# Upgrading to Ultegra Di2



## rlsmith17 (Sep 5, 2014)

I recently purchased a 2014 Domane 5.2 and thinking about upgrading the Ultegra groupset to Ultegra Di2 in the spring time. Has anyone else done this with the Domane 5.2 and would be willing to share costs/experience? I would like to make sure all of the wires remain hidden as much as possible and also where the battery is located. 

Thanks in advance!


----------



## dougrocky123 (Apr 12, 2006)

Looks like your not getting much help here so I'll give my 2 cents worth. I've done two bike conversions. A 2014 should be set up to convert. Shimano has online install manuals and youtube probably has videos. Trek has a conversion kit so check with your dealer. The group I got from Starbike in Germany as they were the only one that had the long cage rear der I wanted. About $1600 I think. A newer bike (11 speed Ultegra right?) you could find build kits without brakes or crank as you already have them so it will be cheaper. My battery is in the seatube in the most recent conversion held in with a Ritchey rubber holder. The shifting is great so if you do your research and go slow its not that difficult.


----------



## VKW (Jul 26, 2009)

Trek makes an internal battery mount collar that fits specifically in their frame seat posts that use the seat mast. I bought one for Madone, fits perfectly. Unfortunately, I cannot find where I documented the part number. I had to order through a Trek dealer. A call to Trek or the dealer could get you the correct part.

It was a very tiny part that cost me about $15.


----------



## egebhardt (Feb 17, 2007)

I'm doing this upgrade from DA7800 to UltegraDi2 6870.
I have a question about the rear derailleur.

The outer cage (connected to the der) was bent in 2mm on a used RD-6870 I got used on Ebay.
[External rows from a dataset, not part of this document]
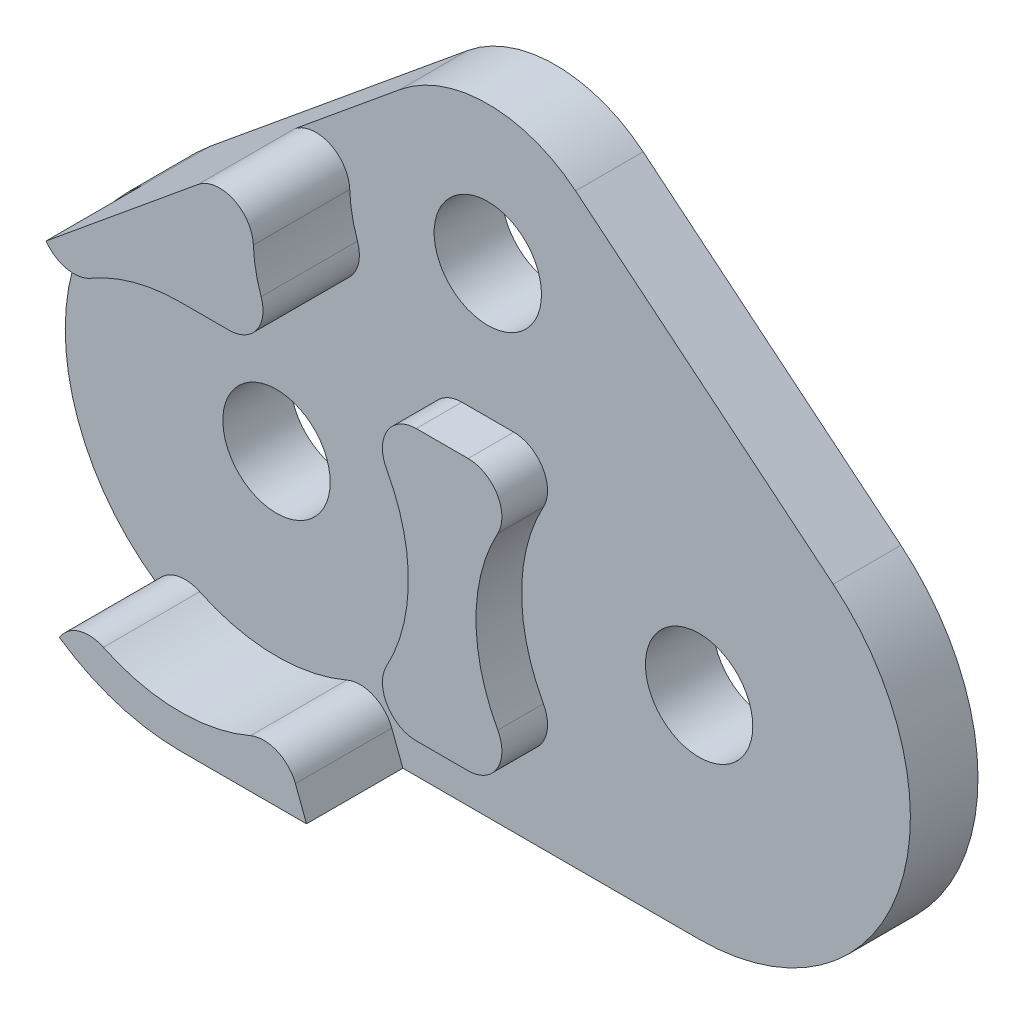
ISO-10303-21;
HEADER;
FILE_DESCRIPTION(('STEP AP214'),'2;1');
FILE_NAME('part.step','',(''),(''),'','','');
FILE_SCHEMA(('AUTOMOTIVE_DESIGN { 1 0 10303 214 1 1 1 1 }'));
ENDSEC;
DATA;
#1=APPLICATION_CONTEXT('core data for automotive mechanical design processes');
#2=APPLICATION_PROTOCOL_DEFINITION('international standard','automotive_design',2000,#1);
#3=PRODUCT_CONTEXT('',#1,'mechanical');
#4=PRODUCT('Part','Part','',(#3));
#5=PRODUCT_RELATED_PRODUCT_CATEGORY('part','',(#4));
#6=PRODUCT_DEFINITION_FORMATION('','',#4);
#7=PRODUCT_DEFINITION_CONTEXT('part definition',#1,'design');
#8=PRODUCT_DEFINITION('design','',#6,#7);
#9=PRODUCT_DEFINITION_SHAPE('','',#8);
#10=(LENGTH_UNIT() NAMED_UNIT(*) SI_UNIT(.MILLI.,.METRE.));
#11=(NAMED_UNIT(*) PLANE_ANGLE_UNIT() SI_UNIT($,.RADIAN.));
#12=(NAMED_UNIT(*) SI_UNIT($,.STERADIAN.) SOLID_ANGLE_UNIT());
#13=UNCERTAINTY_MEASURE_WITH_UNIT(LENGTH_MEASURE(1.E-05),#10,'distance_accuracy_value','');
#14=(GEOMETRIC_REPRESENTATION_CONTEXT(3) GLOBAL_UNCERTAINTY_ASSIGNED_CONTEXT((#13)) GLOBAL_UNIT_ASSIGNED_CONTEXT((#10,
#11,#12)) REPRESENTATION_CONTEXT('',''));
#15=CARTESIAN_POINT('',(0.,0.,0.));
#16=DIRECTION('',(0.,0.,1.));
#17=DIRECTION('',(1.,0.,0.));
#18=AXIS2_PLACEMENT_3D('',#15,#16,#17);
#19=CARTESIAN_POINT('',(-6.25,0.,2.));
#20=DIRECTION('',(0.,0.,1.));
#21=DIRECTION('',(1.,0.,0.));
#22=AXIS2_PLACEMENT_3D('',#19,#20,#21);
#23=PLANE('',#22);
#24=CARTESIAN_POINT('',(6.25,0.,2.));
#25=DIRECTION('',(0.,0.,1.));
#26=DIRECTION('',(1.,0.,0.));
#27=AXIS2_PLACEMENT_3D('',#24,#25,#26);
#28=CIRCLE('',#27,1.5875);
#29=CARTESIAN_POINT('',(7.8375,0.,2.));
#30=VERTEX_POINT('',#29);
#31=EDGE_CURVE('E309',#30,#30,#28,.T.);
#32=ORIENTED_EDGE('',*,*,#31,.F.);
#33=EDGE_LOOP('',(#32));
#34=FACE_BOUND('',#33,.T.);
#35=CARTESIAN_POINT('',(-6.25,0.,2.));
#36=DIRECTION('',(0.,0.,1.));
#37=DIRECTION('',(1.,0.,0.));
#38=AXIS2_PLACEMENT_3D('',#35,#36,#37);
#39=CIRCLE('',#38,1.5875);
#40=CARTESIAN_POINT('',(-4.6625,0.,2.));
#41=VERTEX_POINT('',#40);
#42=EDGE_CURVE('E323',#41,#41,#39,.T.);
#43=ORIENTED_EDGE('',*,*,#42,.F.);
#44=EDGE_LOOP('',(#43));
#45=FACE_BOUND('',#44,.T.);
#46=CARTESIAN_POINT('',(0.,7.93750000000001,2.));
#47=DIRECTION('',(0.,0.,1.));
#48=DIRECTION('',(1.,0.,0.));
#49=AXIS2_PLACEMENT_3D('',#46,#47,#48);
#50=CIRCLE('',#49,1.5875);
#51=CARTESIAN_POINT('',(1.5875,7.93750000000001,2.));
#52=VERTEX_POINT('',#51);
#53=EDGE_CURVE('E300',#52,#52,#50,.T.);
#54=ORIENTED_EDGE('',*,*,#53,.F.);
#55=EDGE_LOOP('',(#54));
#56=FACE_BOUND('',#55,.T.);
#57=CARTESIAN_POINT('',(-6.25,0.,2.));
#58=DIRECTION('',(0.,0.,1.));
#59=DIRECTION('',(1.,0.,0.));
#60=AXIS2_PLACEMENT_3D('',#57,#58,#59);
#61=CIRCLE('',#60,5.25);
#62=CARTESIAN_POINT('',(-4.17199093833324,-4.82124240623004,2.));
#63=VERTEX_POINT('',#62);
#64=CARTESIAN_POINT('',(-8.52200352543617,-4.73291664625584,2.));
#65=VERTEX_POINT('',#64);
#66=EDGE_CURVE('E252',#63,#65,#61,.F.);
#67=ORIENTED_EDGE('',*,*,#66,.F.);
#68=CARTESIAN_POINT('',(-3.77617968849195,-5.739574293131,2.));
#69=DIRECTION('',(0.,0.,1.));
#70=DIRECTION('',(1.,0.,0.));
#71=AXIS2_PLACEMENT_3D('',#68,#69,#70);
#72=CIRCLE('',#71,1.);
#73=CARTESIAN_POINT('',(-2.84132364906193,-5.38454727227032,2.));
#74=VERTEX_POINT('',#73);
#75=EDGE_CURVE('E411',#63,#74,#72,.F.);
#76=ORIENTED_EDGE('',*,*,#75,.T.);
#77=DIRECTION('',(0.35502702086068,-0.934856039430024,0.));
#78=VECTOR('',#77,1.);
#79=CARTESIAN_POINT('',(-4.27031801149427,-1.62172379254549,2.));
#80=LINE('',#79,#78);
#81=CARTESIAN_POINT('',(-2.51265368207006,-6.25,2.));
#82=VERTEX_POINT('',#81);
#83=EDGE_CURVE('E250',#74,#82,#80,.T.);
#84=ORIENTED_EDGE('',*,*,#83,.T.);
#85=DIRECTION('',(1.,0.,0.));
#86=VECTOR('',#85,1.);
#87=CARTESIAN_POINT('',(-6.25,-6.25,2.));
#88=LINE('',#87,#86);
#89=CARTESIAN_POINT('',(6.25,-6.25000000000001,2.));
#90=VERTEX_POINT('',#89);
#91=EDGE_CURVE('E334',#82,#90,#88,.T.);
#92=ORIENTED_EDGE('',*,*,#91,.T.);
#93=CARTESIAN_POINT('',(6.25,0.,2.));
#94=DIRECTION('',(0.,0.,1.));
#95=DIRECTION('',(-1.,0.,0.));
#96=AXIS2_PLACEMENT_3D('',#93,#94,#95);
#97=CIRCLE('',#96,6.25);
#98=CARTESIAN_POINT('',(10.2190264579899,4.8279735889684,2.));
#99=VERTEX_POINT('',#98);
#100=EDGE_CURVE('E337',#90,#99,#97,.T.);
#101=ORIENTED_EDGE('',*,*,#100,.T.);
#102=DIRECTION('',(0.772475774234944,-0.635044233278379,0.));
#103=VECTOR('',#102,1.);
#104=CARTESIAN_POINT('',(6.48953382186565,7.8939503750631,2.));
#105=LINE('',#104,#103);
#106=CARTESIAN_POINT('',(2.59574330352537,11.0949947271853,2.));
#107=VERTEX_POINT('',#106);
#108=EDGE_CURVE('E290',#107,#99,#105,.T.);
#109=ORIENTED_EDGE('',*,*,#108,.F.);
#110=CARTESIAN_POINT('',(0.,7.93750000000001,2.));
#111=DIRECTION('',(0.,0.,1.));
#112=DIRECTION('',(1.,0.,0.));
#113=AXIS2_PLACEMENT_3D('',#110,#111,#112);
#114=CIRCLE('',#113,4.0875);
#115=CARTESIAN_POINT('',(-2.59574330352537,11.0949947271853,2.));
#116=VERTEX_POINT('',#115);
#117=EDGE_CURVE('E295',#116,#107,#114,.F.);
#118=ORIENTED_EDGE('',*,*,#117,.F.);
#119=DIRECTION('',(0.772475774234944,0.635044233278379,0.));
#120=VECTOR('',#119,1.);
#121=CARTESIAN_POINT('',(-6.48953382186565,7.8939503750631,2.));
#122=LINE('',#121,#120);
#123=CARTESIAN_POINT('',(-5.71925938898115,8.52718490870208,2.));
#124=VERTEX_POINT('',#123);
#125=EDGE_CURVE('E406',#124,#116,#122,.T.);
#126=ORIENTED_EDGE('',*,*,#125,.F.);
#127=CARTESIAN_POINT('',(-5.08421515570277,7.75470913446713,2.));
#128=DIRECTION('',(0.,0.,1.));
#129=DIRECTION('',(1.,0.,0.));
#130=AXIS2_PLACEMENT_3D('',#127,#128,#129);
#131=CIRCLE('',#130,1.);
#132=CARTESIAN_POINT('',(-4.0848608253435,7.79063854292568,2.));
#133=VERTEX_POINT('',#132);
#134=EDGE_CURVE('E11',#124,#133,#131,.F.);
#135=ORIENTED_EDGE('',*,*,#134,.T.);
#136=CARTESIAN_POINT('',(0.,7.93750000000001,2.));
#137=DIRECTION('',(0.,0.,1.));
#138=DIRECTION('',(1.,0.,0.));
#139=AXIS2_PLACEMENT_3D('',#136,#137,#138);
#140=CIRCLE('',#139,4.0875);
#141=CARTESIAN_POINT('',(-3.85609257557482,6.58169533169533,2.));
#142=VERTEX_POINT('',#141);
#143=EDGE_CURVE('E277',#142,#133,#140,.F.);
#144=ORIENTED_EDGE('',*,*,#143,.F.);
#145=CARTESIAN_POINT('',(-4.79947913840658,6.25,2.));
#146=DIRECTION('',(0.,0.,1.));
#147=DIRECTION('',(1.,0.,0.));
#148=AXIS2_PLACEMENT_3D('',#145,#146,#147);
#149=CIRCLE('',#148,1.);
#150=CARTESIAN_POINT('',(-4.79947913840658,5.25,2.));
#151=VERTEX_POINT('',#150);
#152=EDGE_CURVE('E43',#142,#151,#149,.F.);
#153=ORIENTED_EDGE('',*,*,#152,.T.);
#154=DIRECTION('',(1.,0.,0.));
#155=VECTOR('',#154,1.);
#156=CARTESIAN_POINT('',(0.,5.24999999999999,2.));
#157=LINE('',#156,#155);
#158=CARTESIAN_POINT('',(-6.25,5.25,2.));
#159=VERTEX_POINT('',#158);
#160=EDGE_CURVE('E239',#159,#151,#157,.T.);
#161=ORIENTED_EDGE('',*,*,#160,.F.);
#162=CARTESIAN_POINT('',(-6.25,0.,2.));
#163=DIRECTION('',(0.,0.,1.));
#164=DIRECTION('',(1.,0.,0.));
#165=AXIS2_PLACEMENT_3D('',#162,#163,#164);
#166=CIRCLE('',#165,5.25);
#167=CARTESIAN_POINT('',(-8.8921509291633,4.53668805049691,2.));
#168=VERTEX_POINT('',#167);
#169=EDGE_CURVE('E264',#159,#168,#166,.T.);
#170=ORIENTED_EDGE('',*,*,#169,.T.);
#171=CARTESIAN_POINT('',(-9.39541777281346,5.40081910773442,2.));
#172=DIRECTION('',(0.,0.,1.));
#173=DIRECTION('',(1.,0.,0.));
#174=AXIS2_PLACEMENT_3D('',#171,#172,#173);
#175=CIRCLE('',#174,1.);
#176=CARTESIAN_POINT('',(-10.1678935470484,4.76577487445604,2.));
#177=VERTEX_POINT('',#176);
#178=EDGE_CURVE('E423',#168,#177,#175,.F.);
#179=ORIENTED_EDGE('',*,*,#178,.T.);
#180=DIRECTION('',(-0.635044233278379,0.772475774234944,0.));
#181=VECTOR('',#180,1.);
#182=CARTESIAN_POINT('',(-3.72949263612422,-3.0659767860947,2.));
#183=LINE('',#182,#181);
#184=CARTESIAN_POINT('',(-10.2190264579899,4.8279735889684,2.));
#185=VERTEX_POINT('',#184);
#186=EDGE_CURVE('E280',#177,#185,#183,.T.);
#187=ORIENTED_EDGE('',*,*,#186,.T.);
#188=CARTESIAN_POINT('',(-6.25,0.,2.));
#189=DIRECTION('',(0.,0.,1.));
#190=DIRECTION('',(1.,0.,0.));
#191=AXIS2_PLACEMENT_3D('',#188,#189,#190);
#192=CIRCLE('',#191,6.25);
#193=CARTESIAN_POINT('',(-9.82142857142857,-5.12907379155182,2.));
#194=VERTEX_POINT('',#193);
#195=EDGE_CURVE('E332',#185,#194,#192,.T.);
#196=ORIENTED_EDGE('',*,*,#195,.T.);
#197=DIRECTION('',(-0.571428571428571,-0.82065180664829,0.));
#198=VECTOR('',#197,1.);
#199=CARTESIAN_POINT('',(-4.2091836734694,2.93089930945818,2.));
#200=LINE('',#199,#198);
#201=CARTESIAN_POINT('',(-9.77541790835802,-5.06299600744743,2.));
#202=VERTEX_POINT('',#201);
#203=EDGE_CURVE('E235',#202,#194,#200,.T.);
#204=ORIENTED_EDGE('',*,*,#203,.F.);
#205=CARTESIAN_POINT('',(-8.95476610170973,-5.634424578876,2.));
#206=DIRECTION('',(0.,0.,1.));
#207=DIRECTION('',(1.,0.,0.));
#208=AXIS2_PLACEMENT_3D('',#205,#206,#207);
#209=CIRCLE('',#208,1.);
#210=EDGE_CURVE('E421',#202,#65,#209,.F.);
#211=ORIENTED_EDGE('',*,*,#210,.T.);
#212=EDGE_LOOP('',(#67,#76,#84,#92,#101,#109,#118,#126,#135,#144,#153,#161,#170,#179,#187,#196,
#204,#211));
#213=FACE_BOUND('',#212,.T.);
#214=DIRECTION('',(1.,0.,0.));
#215=VECTOR('',#214,1.);
#216=CARTESIAN_POINT('',(-2.84963237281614,-4.,2.));
#217=LINE('',#216,#215);
#218=CARTESIAN_POINT('',(-0.767071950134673,-4.,2.));
#219=VERTEX_POINT('',#218);
#220=CARTESIAN_POINT('',(0.767071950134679,-4.,2.));
#221=VERTEX_POINT('',#220);
#222=EDGE_CURVE('E547',#219,#221,#217,.T.);
#223=ORIENTED_EDGE('',*,*,#222,.F.);
#224=CARTESIAN_POINT('',(-0.767071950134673,-3.,2.));
#225=DIRECTION('',(0.,0.,1.));
#226=DIRECTION('',(1.,0.,0.));
#227=AXIS2_PLACEMENT_3D('',#224,#225,#226);
#228=CIRCLE('',#227,1.);
#229=CARTESIAN_POINT('',(-1.64434043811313,-2.52,2.));
#230=VERTEX_POINT('',#229);
#231=EDGE_CURVE('E413',#219,#230,#228,.F.);
#232=ORIENTED_EDGE('',*,*,#231,.T.);
#233=CARTESIAN_POINT('',(-6.25,0.,2.));
#234=DIRECTION('',(0.,0.,-1.));
#235=DIRECTION('',(-1.,0.,0.));
#236=AXIS2_PLACEMENT_3D('',#233,#234,#235);
#237=CIRCLE('',#236,5.25);
#238=CARTESIAN_POINT('',(-1.64434043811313,2.52,2.));
#239=VERTEX_POINT('',#238);
#240=EDGE_CURVE('E544',#239,#230,#237,.T.);
#241=ORIENTED_EDGE('',*,*,#240,.F.);
#242=CARTESIAN_POINT('',(-0.767071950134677,3.,2.));
#243=DIRECTION('',(0.,0.,1.));
#244=DIRECTION('',(1.,0.,0.));
#245=AXIS2_PLACEMENT_3D('',#242,#243,#244);
#246=CIRCLE('',#245,1.);
#247=CARTESIAN_POINT('',(-0.767071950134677,4.,2.));
#248=VERTEX_POINT('',#247);
#249=EDGE_CURVE('E419',#239,#248,#246,.F.);
#250=ORIENTED_EDGE('',*,*,#249,.T.);
#251=DIRECTION('',(-1.,0.,0.));
#252=VECTOR('',#251,1.);
#253=CARTESIAN_POINT('',(-2.84963237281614,4.,2.));
#254=LINE('',#253,#252);
#255=CARTESIAN_POINT('',(0.76707195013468,4.,2.));
#256=VERTEX_POINT('',#255);
#257=EDGE_CURVE('E553',#256,#248,#254,.T.);
#258=ORIENTED_EDGE('',*,*,#257,.F.);
#259=CARTESIAN_POINT('',(0.76707195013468,3.,2.));
#260=DIRECTION('',(0.,0.,1.));
#261=DIRECTION('',(1.,0.,0.));
#262=AXIS2_PLACEMENT_3D('',#259,#260,#261);
#263=CIRCLE('',#262,1.);
#264=CARTESIAN_POINT('',(1.64434043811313,2.52,2.));
#265=VERTEX_POINT('',#264);
#266=EDGE_CURVE('E417',#256,#265,#263,.F.);
#267=ORIENTED_EDGE('',*,*,#266,.T.);
#268=CARTESIAN_POINT('',(6.25,0.,2.));
#269=DIRECTION('',(0.,0.,-1.));
#270=DIRECTION('',(1.,0.,0.));
#271=AXIS2_PLACEMENT_3D('',#268,#269,#270);
#272=CIRCLE('',#271,5.25);
#273=CARTESIAN_POINT('',(1.64434043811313,-2.52,2.));
#274=VERTEX_POINT('',#273);
#275=EDGE_CURVE('E550',#274,#265,#272,.T.);
#276=ORIENTED_EDGE('',*,*,#275,.F.);
#277=CARTESIAN_POINT('',(0.767071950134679,-3.,2.));
#278=DIRECTION('',(0.,0.,1.));
#279=DIRECTION('',(1.,0.,0.));
#280=AXIS2_PLACEMENT_3D('',#277,#278,#279);
#281=CIRCLE('',#280,1.);
#282=EDGE_CURVE('E415',#274,#221,#281,.F.);
#283=ORIENTED_EDGE('',*,*,#282,.T.);
#284=EDGE_LOOP('',(#223,#232,#241,#250,#258,#267,#276,#283));
#285=FACE_BOUND('',#284,.T.);
#286=ADVANCED_FACE('F35',(#34,#45,#56,#213,#285),#23,.T.);
#287=CARTESIAN_POINT('',(6.25,0.,2.));
#288=DIRECTION('',(0.,0.,-1.));
#289=DIRECTION('',(-1.,0.,0.));
#290=AXIS2_PLACEMENT_3D('',#287,#288,#289);
#291=CYLINDRICAL_SURFACE('',#290,6.25);
#292=DIRECTION('',(0.,0.,1.));
#293=VECTOR('',#292,1.);
#294=CARTESIAN_POINT('',(10.2190264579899,4.8279735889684,-21.668207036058));
#295=LINE('',#294,#293);
#296=CARTESIAN_POINT('',(10.2190264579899,4.8279735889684,0.));
#297=VERTEX_POINT('',#296);
#298=EDGE_CURVE('E293',#297,#99,#295,.T.);
#299=ORIENTED_EDGE('',*,*,#298,.T.);
#300=ORIENTED_EDGE('',*,*,#100,.F.);
#301=DIRECTION('',(0.,0.,-1.));
#302=VECTOR('',#301,1.);
#303=CARTESIAN_POINT('',(6.25,-6.25000000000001,2.));
#304=LINE('',#303,#302);
#305=CARTESIAN_POINT('',(6.25,-6.25000000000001,0.));
#306=VERTEX_POINT('',#305);
#307=EDGE_CURVE('E340',#90,#306,#304,.T.);
#308=ORIENTED_EDGE('',*,*,#307,.T.);
#309=CARTESIAN_POINT('',(6.25,0.,0.));
#310=DIRECTION('',(0.,0.,1.));
#311=DIRECTION('',(-1.,0.,0.));
#312=AXIS2_PLACEMENT_3D('',#309,#310,#311);
#313=CIRCLE('',#312,6.25);
#314=EDGE_CURVE('E335',#306,#297,#313,.T.);
#315=ORIENTED_EDGE('',*,*,#314,.T.);
#316=EDGE_LOOP('',(#299,#300,#308,#315));
#317=FACE_BOUND('',#316,.T.);
#318=ADVANCED_FACE('F482',(#317),#291,.T.);
#319=CARTESIAN_POINT('',(-6.25,0.,2.));
#320=DIRECTION('',(0.,0.,-1.));
#321=DIRECTION('',(-1.,0.,0.));
#322=AXIS2_PLACEMENT_3D('',#319,#320,#321);
#323=CYLINDRICAL_SURFACE('',#322,6.25);
#324=ORIENTED_EDGE('',*,*,#195,.F.);
#325=DIRECTION('',(0.,0.,1.));
#326=VECTOR('',#325,1.);
#327=CARTESIAN_POINT('',(-10.2190264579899,4.8279735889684,-21.668207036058));
#328=LINE('',#327,#326);
#329=CARTESIAN_POINT('',(-10.2190264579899,4.8279735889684,0.));
#330=VERTEX_POINT('',#329);
#331=EDGE_CURVE('E303',#330,#185,#328,.T.);
#332=ORIENTED_EDGE('',*,*,#331,.F.);
#333=CARTESIAN_POINT('',(-6.25,0.,0.));
#334=DIRECTION('',(0.,0.,1.));
#335=DIRECTION('',(1.,0.,0.));
#336=AXIS2_PLACEMENT_3D('',#333,#334,#335);
#337=CIRCLE('',#336,6.25);
#338=CARTESIAN_POINT('',(-6.25,-6.25,0.));
#339=VERTEX_POINT('',#338);
#340=EDGE_CURVE('E329',#330,#339,#337,.T.);
#341=ORIENTED_EDGE('',*,*,#340,.T.);
#342=DIRECTION('',(0.,0.,-1.));
#343=VECTOR('',#342,1.);
#344=CARTESIAN_POINT('',(-6.25,-6.25,2.));
#345=LINE('',#344,#343);
#346=CARTESIAN_POINT('',(-6.25,-6.25,4.85));
#347=VERTEX_POINT('',#346);
#348=EDGE_CURVE('E244',#347,#339,#345,.T.);
#349=ORIENTED_EDGE('',*,*,#348,.F.);
#350=CARTESIAN_POINT('',(-6.25,0.,4.85));
#351=DIRECTION('',(0.,0.,1.));
#352=DIRECTION('',(1.,0.,0.));
#353=AXIS2_PLACEMENT_3D('',#350,#351,#352);
#354=CIRCLE('',#353,6.25);
#355=CARTESIAN_POINT('',(-9.82142857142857,-5.12907379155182,4.85));
#356=VERTEX_POINT('',#355);
#357=EDGE_CURVE('E221',#356,#347,#354,.T.);
#358=ORIENTED_EDGE('',*,*,#357,.F.);
#359=DIRECTION('',(0.,0.,-1.));
#360=VECTOR('',#359,1.);
#361=CARTESIAN_POINT('',(-9.82142857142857,-5.12907379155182,4.85));
#362=LINE('',#361,#360);
#363=EDGE_CURVE('E232',#356,#194,#362,.T.);
#364=ORIENTED_EDGE('',*,*,#363,.T.);
#365=EDGE_LOOP('',(#324,#332,#341,#349,#358,#364));
#366=FACE_BOUND('',#365,.T.);
#367=ADVANCED_FACE('F242',(#366),#323,.T.);
#368=CARTESIAN_POINT('',(-6.25,-6.25,2.));
#369=DIRECTION('',(0.,1.,0.));
#370=DIRECTION('',(0.,0.,1.));
#371=AXIS2_PLACEMENT_3D('',#368,#369,#370);
#372=PLANE('',#371);
#373=DIRECTION('',(1.,0.,0.));
#374=VECTOR('',#373,1.);
#375=CARTESIAN_POINT('',(-6.25,-6.25,0.));
#376=LINE('',#375,#374);
#377=EDGE_CURVE('E342',#339,#306,#376,.T.);
#378=ORIENTED_EDGE('',*,*,#377,.T.);
#379=ORIENTED_EDGE('',*,*,#307,.F.);
#380=ORIENTED_EDGE('',*,*,#91,.F.);
#381=DIRECTION('',(0.,0.,-1.));
#382=VECTOR('',#381,1.);
#383=CARTESIAN_POINT('',(-2.51265368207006,-6.25,4.85));
#384=LINE('',#383,#382);
#385=CARTESIAN_POINT('',(-2.51265368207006,-6.25,4.85));
#386=VERTEX_POINT('',#385);
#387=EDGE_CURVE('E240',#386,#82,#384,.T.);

The inner cage is NOT bent and there don't appear to be any 'hit' marks anywhere.
I took off the pulleys, heated it with a hair dryer, then bent the outer cage back carefully by hand. I put it back together and it is nice and straight like any Shimano RD I've seen in the last 30 years.

I then bought a new RD-6870. I'll be darned. The outer cage is bent 2mm in too!
Does anyone else see their RD-6870 bent in 2mm?
Maybe its an intentional bend.
Thx in advance.


----------



## VKW (Jul 26, 2009)

Take a picture of this 2mm bend. I'm not sure what it is you are referring to.

Looking at my RD-6870 there doesn't appear to be anything that looks wrong.


----------



## egebhardt (Feb 17, 2007)

Sure. This is the 2mm bend.


----------



## MMsRepBike (Apr 1, 2014)

It's fine. Stop taking apart new things looking for something wrong. Install them. Use them. 

Wait, no.

Read ALL of the instructions VERY carefully first and then carefully install and use them. If you have issues after the install that was done as per the instructions, then maybe look into things.

http://si.shimano.com/php/download.php?file=pdf/dm/DM-UL0001-02-ENG.pdf
^click to download, then print it out.


----------



## egebhardt (Feb 17, 2007)

You didn't answer the question. If you don't have an answer, that's fine.

Does anyone else see their RD-6870 bent-in 2mm?
Is there some possible benefit to a bent cage? 
I've never seen a new cage bent intentionally from Shimano cage in the 30 years I've been looking.


----------



## VKW (Jul 26, 2009)

Here are some pics, mine is of the longer mid cage though. Before you go and bend the new one, I'd give it a try first installed on your bike.


----------



## egebhardt (Feb 17, 2007)

VKW said:


> Here are some pics, mine is of the longer mid cage though. H]


Thx. Yours is bent a bit too. Im shocked that Shimano would do that but I'm keeping an open mind and I'll try both.


----------



## goodboyr (Apr 19, 2006)

Yup. Keep an open mind. Its entirely possible that shimano knows more about derailleurs than you do.


----------



## egebhardt (Feb 17, 2007)

I tried riding the bent derailleur. It is a bit noisier than a straight one.
I've probably looked at 100 derailleurs in the last 2 months. They are all straight unless there was obvious damage. Therefore, I will conclude they were bent at the Shimano factory by accident. No other design appears to have this bend. Certainly not Dura Ace and 105. Anyone who thinks a derailleur cage should be twisted and bent, away from 2 pulley's being on the same plane, is wrong. That is a safe statement.


----------